Hi Jason, thanks for this new episode 

One suggestion for upcoming videos after the whole template-study thing : cue analysis ! Lots of composers do that these days, and for a reason : it's fascinating ! Jjust watched the first episode of the new serie "2 Hours Cue" by Neil Goldberg from Heavyocity, lots of good stuff in there.

I would love to watch a video where you describe a cue relying heavily on real recordings, like what you did for Far Cry Primal. Or something minimalistic with lots of processing like a cue from Evolve.

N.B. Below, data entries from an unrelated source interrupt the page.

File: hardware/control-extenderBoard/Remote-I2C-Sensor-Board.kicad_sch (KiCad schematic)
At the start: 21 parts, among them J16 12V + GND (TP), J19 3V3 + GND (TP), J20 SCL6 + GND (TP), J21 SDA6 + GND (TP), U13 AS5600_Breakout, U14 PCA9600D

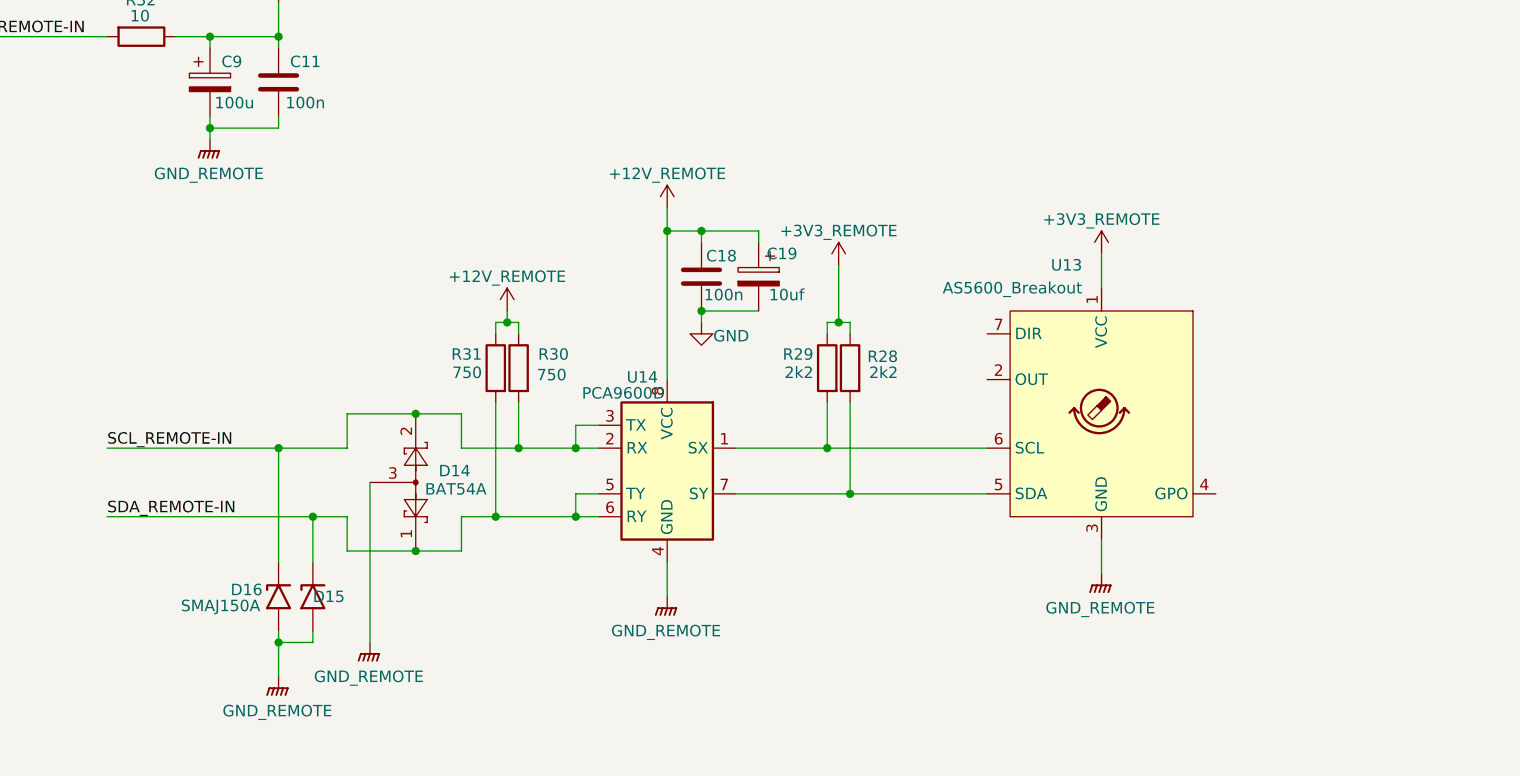
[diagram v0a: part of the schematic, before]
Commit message: extenderBoard: Evaluate part availability, Rework i2c protection
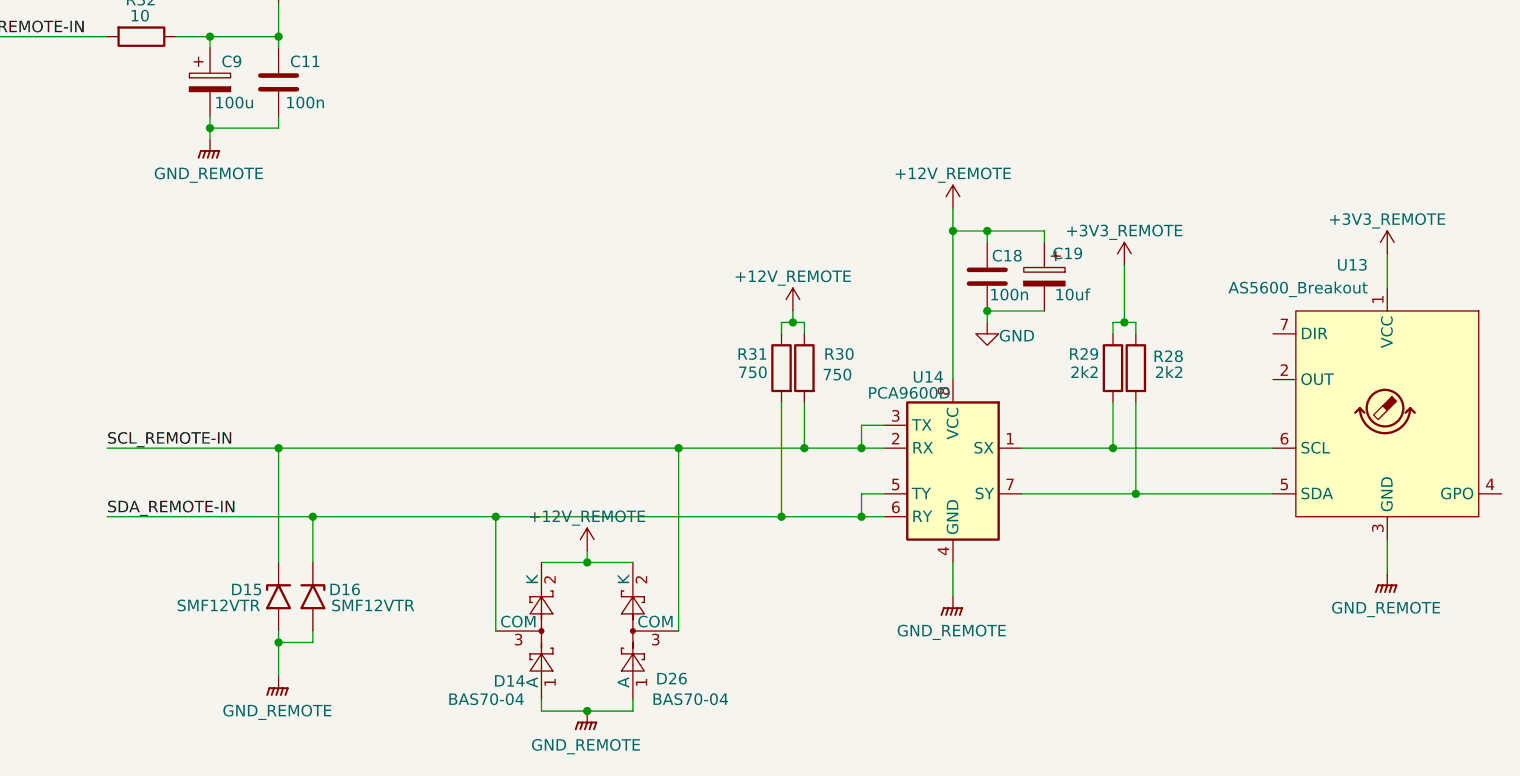
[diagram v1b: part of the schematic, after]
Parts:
- removed D14: BAT54A, Package_TO_SOT_SMD:SOT-23, symbol Diode:BAT54A
- added D14, D26: BAS70-04, Package_TO_SOT_SMD:SOT-23-3, symbol Diode:BAT54SW
- C9: footprint Capacitor_THT:CP_Radial_D8.0mm_P5.00mm -> Capacitor_THT:CP_Radial_D6.3mm_P2.50mm
- D15, D16: value SMAJ150A -> SMF12VTR; footprint Diode_SMD:D_SMA -> Diode_SMD:D_SOD-123F
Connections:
- net +12V_REMOTE: now also D14.2 (K), D26.2 (K)
- net GND_REMOTE: now also D14.1 (A), D26.1 (A)
- net SCL_REMOTE-IN: now also D15.1 (A1), D26.3 (COM); no longer D16.1 (A1)
- net SDA_REMOTE-IN: now also D16.1 (A1), D14.3 (COM); no longer D15.1 (A1)
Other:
- moved on the sheet: C18, C19, R28, R29, R30, R31, U13, U14

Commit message: extenderBoard: Route RS485, I2C reserve, Add Testpoints, GND-Zones
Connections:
- net GND is gone; now on net GND_REMOTE: C18.2, C19.2
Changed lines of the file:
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@@
+	)
+	(symbol
+		(lib_id "power:GNDPWR")
+		(at 195.58 82.55 0)
+		(unit 1)
+		(exclude_from_sim no)
+		(in_bom yes)
+		(on_board yes)
+		(dnp no)
+		(fields_autoplaced yes)
+		(property "Reference" "#PWR098"
+			(at 195.58 87.63 0)
+			(effects
+				(font
+					(size 1.27 1.27)
+				)
+				(hide yes)
+			)
+		)
+		(property "Value" "GND_REMOTE"
+			(at 195.453 86.36 0)
+			(effects
+				(font
+					(size 1.27 1.27)
+				)
+			)
+		)
+		(property "Footprint" ""
+			(at 195.58 83.82 0)
+			(effects
+				(font
+					(size 1.27 1.27)
+				)
+				(hide yes)
+			)
+		)
+		(property "Datasheet" ""
+			(at 195.58 83.82 0)
+			(effects
+				(font
+					(size 1.27 1.27)
+				)
+				(hide yes)
+			)
+		)
+		(property "Description" "Power symbol creates a global label with name \"GNDPWR\" , global ground"
+			(at 195.58 82.55 0)
+			(effects
+				(font
+					(size 1.27 1.27)
+				)
+				(hide yes)
+			)
+		)
+		(pin "1"
+		)
+		(instances
+			(project "control-extenderBoard"
+				(path "/e3fc34d4-dad6-4201-965b-dc5b1bdae059/246abe15-ec2a-4d65-af0f-025db67f32a6"
+					(reference "#PWR098")
+					(unit 1)
+				)
+			)
+		)
 	)
 	(symbol
@@
 					(unit 1)
 				)
-			)
-		)
-	)
-	(symbol
-		(lib_id "power:GND")
-		(at 195.58 82.55 0)
-		(unit 1)
-		(exclude_from_sim no)
-		(in_bom yes)
-		(on_board yes)
-		(dnp no)
-		(property "Reference" "#PWR098"
-			(at 195.58 88.9 0)
-			(effects
-				(font
-					(size 1.27 1.27)
-				)
-				(hide yes)
-			)
-		)
-		(property "Value" "GND"
-			(at 198.882 84.074 0)
-			(effects
-				(font
-					(size 1.27 1.27)
-				)
-			)
-		)
-		(property "Footprint" ""
-			(at 195.58 82.55 0)
-			(effects
-				(font
-					(size 1.27 1.27)
-				)
-				(hide yes)
-			)
-		)
-		(property "Datasheet" ""
-			(at 195.58 82.55 0)
-			(effects
-				(font
-					(size 1.27 1.27)
-				)
-				(hide yes)
-			)
-		)
-		(property "Description" "Power symbol creates a global label with name \"GND\" , ground"
-			(at 195.58 82.55 0)
-			(effects
-				(font
-					(size 1.27 1.27)
-				)
-				(hide yes)
-			)
-		)
-		(pin "1"
-		)
-		(instances
-			(project "control-extenderBoard"
-				(path "/e3fc34d4-dad6-4201-965b-dc5b1bdae059/246abe15-ec2a-4d65-af0f-025db67f32a6"
-					(reference "#PWR098")
-					(unit 1)
-				)

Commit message: extenderBoard: Add pcb text, Arrange remote-board
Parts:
- added H5, H6, H7, H8: MountingHole_Pad, mountingHoles_libJonny:MountingHole_2.2mm_NPTH-with-pad_DRC-clearance-error, symbol Mechanical:MountingHole_Pad
- added J2: CAT6-Shield, misc_libJonny:Shield_Landing_Pad_6mmCable_ZipTie, symbol misc_libJonny:Shield_Landing_Pad
- added TP12: GND, Connector_PinHeader_2.54mm:PinHeader_1x01_P2.54mm_Vertical, symbol Connector:TestPoint
- added TP19: SCL, Connector_PinHeader_2.54mm:PinHeader_1x01_P2.54mm_Vertical, symbol Connector:TestPoint
- added TP20: 12V-Filtered, Connector_PinHeader_2.54mm:PinHeader_1x01_P2.54mm_Vertical, symbol Connector:TestPoint
- added TP21: 3V3-IN, Connector_PinHeader_2.54mm:PinHeader_1x01_P2.54mm_Vertical, symbol Connector:TestPoint
- added TP22: 3V3-Filtered, Connector_PinHeader_2.54mm:PinHeader_1x01_P2.54mm_Vertical, symbol Connector:TestPoint
- added TP23: SDA, Connector_PinHeader_2.54mm:PinHeader_1x01_P2.54mm_Vertical, symbol Connector:TestPoint
- added TP24: SCL-in, Connector_PinHeader_2.54mm:PinHeader_1x01_P2.54mm_Vertical, symbol Connector:TestPoint
- added TP25: SDA-in, Connector_PinHeader_2.54mm:PinHeader_1x01_P2.54mm_Vertical, symbol Connector:TestPoint
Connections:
- net +12V_REMOTE: now also TP20.1
- net +3V3_REMOTE: now also TP22.1
- net 3V3_REMOTE-IN: now also TP21.1
- net GND_REMOTE: now also H5.1, H6.1, H7.1, H8.1, TP12.1
- net SCL_REMOTE-IN: now also TP24.1
- net SDA_REMOTE-IN: now also TP25.1
- net at R29.2, U13.6 (SCL), U14.1 (SX): now also TP19.1
- net at R28.2, U13.5 (SDA), U14.7 (SY): now also TP23.1
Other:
- note added: "Cable mount"
- moved on the sheet: D14, D26

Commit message: extenderBoard: Route separate remote/sensor-board
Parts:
- removed J2: CAT6-Shield, misc_libJonny:Shield_Landing_Pad_6mmCable_ZipTie, symbol misc_libJonny:Shield_Landing_Pad
- added TP26: GND, Connector_PinHeader_2.54mm:PinHeader_1x01_P2.54mm_Vertical, symbol Connector:TestPoint
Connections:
- net GND_REMOTE: now also J20.2 (Pin_2), J21.2 (Pin_2), TP26.1; no longer J20.1 (Pin_1), J21.1 (Pin_1)
- net SCL_REMOTE-IN: now also J20.1 (Pin_1); no longer J20.2 (Pin_2)
- net SDA_REMOTE-IN: now also J21.1 (Pin_1); no longer J21.2 (Pin_2)
- net SCL_AS5600: now reaches R29.2, TP19.1, U13.6 (SCL), U14.1 (SX)
- net SDA_AS5600: now reaches R28.2, TP23.1, U13.5 (SDA), U14.7 (SY)
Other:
- note removed: "Cable mount"
- moved on the sheet: J20, J21, R28, R29

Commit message: extenderBoard: Add ferrite-beads, Swap 12V TVS diodes
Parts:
- removed D15, D16: SMF12VTR, Diode_SMD:D_SOD-123F, symbol Diode:SMAJ150A
- added D12, D16: PESD12VL1BA, Diode_SMD:D_SOD-123F, symbol Device:D_TVS
- added FB1, FB3: FerriteBead AWBC-09, Resistor_THT:R_Axial_DIN0614_L14.3mm_D5.7mm_P5.08mm_Vertical, symbol Device:FerriteBead
- R32, R33: footprint Resistor_THT:R_Axial_DIN0207_L6.3mm_D2.5mm_P10.16mm_Horizontal -> Resistor_THT:R_Axial_DIN0207_L6.3mm_D2.5mm_P2.54mm_Vertical
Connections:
- net 12V_REMOTE-IN: now also FB3.1; no longer R32.2
- net 3V3_REMOTE-IN: now also FB1.1; no longer R33.2
- net GND_REMOTE: now also D12.1 (A1), D16.1 (A1)
- net SCL_REMOTE-IN: now also D16.2 (A2)
- net SDA_REMOTE-IN: now also D12.2 (A2)
- new net: FB3.2, R32.2
- new net: FB1.2, R33.2
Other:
- moved on the sheet: C11, C12, C13, C9, R32, R33, TP20, TP21, TP22

Anyway, keep up the great work !

Emmanuel (the leonberger guy  )


----------



## Bear Market

Hi Jason, just wanted to say thanks a bunch for sharing your mad skillz with the rest of us. I have been loving every second of your videos so far (even though they have triggered my annual should-I-abandon-Logic-for-Cubase-anxiety).

Thanks again!


----------



## Breaker

Jason Graves said:


> Gold Star for you! I've been (actually...still AM) wrestling internally with the classic what-do-I-do-first conundrum of YouTube. So. MUCH. TO. TALK. ABOUT.
> 
> But in the end it seemed that laying a solid foundation of my general approach made more sense. And, more importantly, kept the user comments from grossly going off topic if I were to just jump in and start posting composition/mixing/sound design vids. I know if I were watching, I'd be thinking, "but...what fx are you using in the template?" "how are you keeping al the channels organized?" etc...you get the idea!
> 
> You've actually made a point in parallel to my own internal monologue from this past weekend. I've reached a good "pausing point" for all the super technical stuff and want to film more creative/thinking/advice kinds of vids this week. Then pick back up on the "let's all stare at the computer screen for 30 minutes."
> 
> Now, I can't promise anything REVOLUTIONARY...  ...but I will do my best.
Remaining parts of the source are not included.